Cell Therapeutics said yesterday it has agreed to sell Trisenox, a drug for a rare form of leukemia, to Cephalon for $70 million in cash...
Cell Therapeutics said yesterday it has agreed to sell Trisenox, a drug for a rare form of leukemia, to Cephalon for $70 million in cash.
The Seattle biotech company said it will receive about $30 million from the transaction; it is required to pay the rest to PharmaBio Development, which had secured some future rights to the drug in December. Trisenox is the company’s only marketed drug.

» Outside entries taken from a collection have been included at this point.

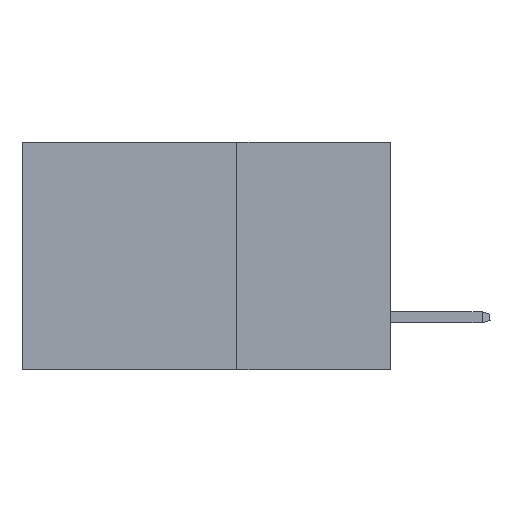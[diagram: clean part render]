
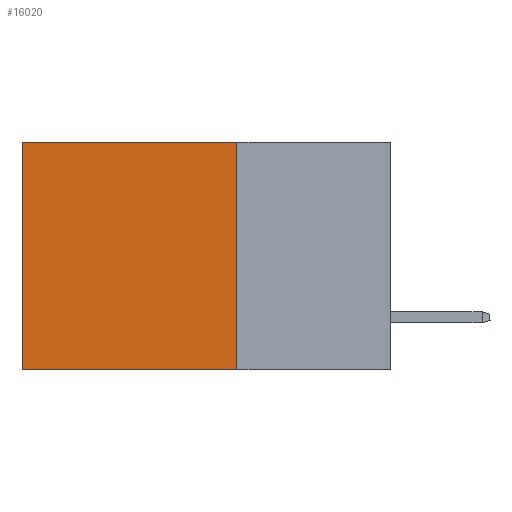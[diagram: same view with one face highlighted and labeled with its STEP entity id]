
A CAD part, left-side view. The second image highlights one B-rep face of the part: STEP entity #16020.
In plain terms, the highlighted planar face has unit normal (-1, 0, 0).
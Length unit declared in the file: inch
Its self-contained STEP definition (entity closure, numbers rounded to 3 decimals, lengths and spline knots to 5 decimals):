
#661 = EDGE_CURVE ( 'NONE', #10293, #11776, #16570, .T. ) ;
#732 = VECTOR ( 'NONE', #3254, 39.37008 ) ;
#1762 = AXIS2_PLACEMENT_3D ( 'NONE', #8640, #20029, #3847 ) ;
#2214 = EDGE_LOOP ( 'NONE', ( #6502, #15667, #19379, #10753 ) ) ;
#2476 = EDGE_CURVE ( 'NONE', #16398, #10293, #18774, .T. ) ;
#3254 = DIRECTION ( 'NONE',  ( 0., 1., 0. ) ) ;
#3267 = CARTESIAN_POINT ( 'NONE',  ( 0.2875, 0.25, 0. ) ) ;
#3847 = DIRECTION ( 'NONE',  ( 0., 0., -1. ) ) ;
#4772 = CARTESIAN_POINT ( 'NONE',  ( 0.2875, 0.6, -0.37 ) ) ;
#5351 = DIRECTION ( 'NONE',  ( 0., 0., -1. ) ) ;
#6490 = CARTESIAN_POINT ( 'NONE',  ( 0.2875, 0.6, 0. ) ) ;
#6502 = ORIENTED_EDGE ( 'NONE', *, *, #7123, .T. ) ;
#6722 = CARTESIAN_POINT ( 'NONE',  ( 0.2875, 0.25, -0.37 ) ) ;
#7041 = DIRECTION ( 'NONE',  ( 0., 1., 0. ) ) ;
#7123 = EDGE_CURVE ( 'NONE', #19272, #11776, #13756, .T. ) ;
#8640 = CARTESIAN_POINT ( 'NONE',  ( 0.2875, 0.25, 0. ) ) ;
#10293 = VERTEX_POINT ( 'NONE', #6722 ) ;
#10753 = ORIENTED_EDGE ( 'NONE', *, *, #18939, .T. ) ;
#11173 = CARTESIAN_POINT ( 'NONE',  ( 0.2875, 0.25, -0.37 ) ) ;
#11776 = VERTEX_POINT ( 'NONE', #4772 ) ;
#13448 = CARTESIAN_POINT ( 'NONE',  ( 0.2875, 0.25, 0. ) ) ;
#13756 = LINE ( 'NONE', #6490, #16587 ) ;
#14350 = CARTESIAN_POINT ( 'NONE',  ( 0.2875, 0.6, 0. ) ) ;
#14990 = VECTOR ( 'NONE', #7041, 39.37008 ) ;
#15174 = DIRECTION ( 'NONE',  ( 0., 0., -1. ) ) ;
#15667 = ORIENTED_EDGE ( 'NONE', *, *, #661, .F. ) ;
#16020 = ADVANCED_FACE ( 'NONE', ( #19188 ), #19886, .F. ) ;
#16398 = VERTEX_POINT ( 'NONE', #3267 ) ;
#16570 = LINE ( 'NONE', #11173, #732 ) ;
#16587 = VECTOR ( 'NONE', #5351, 39.37008 ) ;
#18436 = CARTESIAN_POINT ( 'NONE',  ( 0.2875, 0.25, 0. ) ) ;
#18516 = VECTOR ( 'NONE', #15174, 39.37008 ) ;
#18774 = LINE ( 'NONE', #13448, #18516 ) ;
#18939 = EDGE_CURVE ( 'NONE', #16398, #19272, #19348, .T. ) ;
#19188 = FACE_OUTER_BOUND ( 'NONE', #2214, .T. ) ;
#19272 = VERTEX_POINT ( 'NONE', #14350 ) ;
#19348 = LINE ( 'NONE', #18436, #14990 ) ;
#19379 = ORIENTED_EDGE ( 'NONE', *, *, #2476, .F. ) ;
#19886 = PLANE ( 'NONE',  #1762 ) ;
#20029 = DIRECTION ( 'NONE',  ( 1., 0., 0. ) ) ;

Cephalon will take over sales, marketing and development of the drug, and will offer jobs to between 20 and 40 employees of Cell Therapeutics who work on Trisenox, said Susan Callahan, a spokeswoman for Cell Therapeutics. Cephalon, based in Frazer, Pa., also will pay royalties on future worldwide sales of Trisenox.
Cell Therapeutics disclosed last week that it is cutting 75 jobs in Seattle to conserve cash, after its leading drug candidate, Xyotax, failed in a pivotal trial this spring. Through last week’s layoffs, yesterday’s sale of Trisenox, and attrition, the company has shed 130 jobs, Callahan said. That leaves it with about 270 employees in the U.S. and Europe.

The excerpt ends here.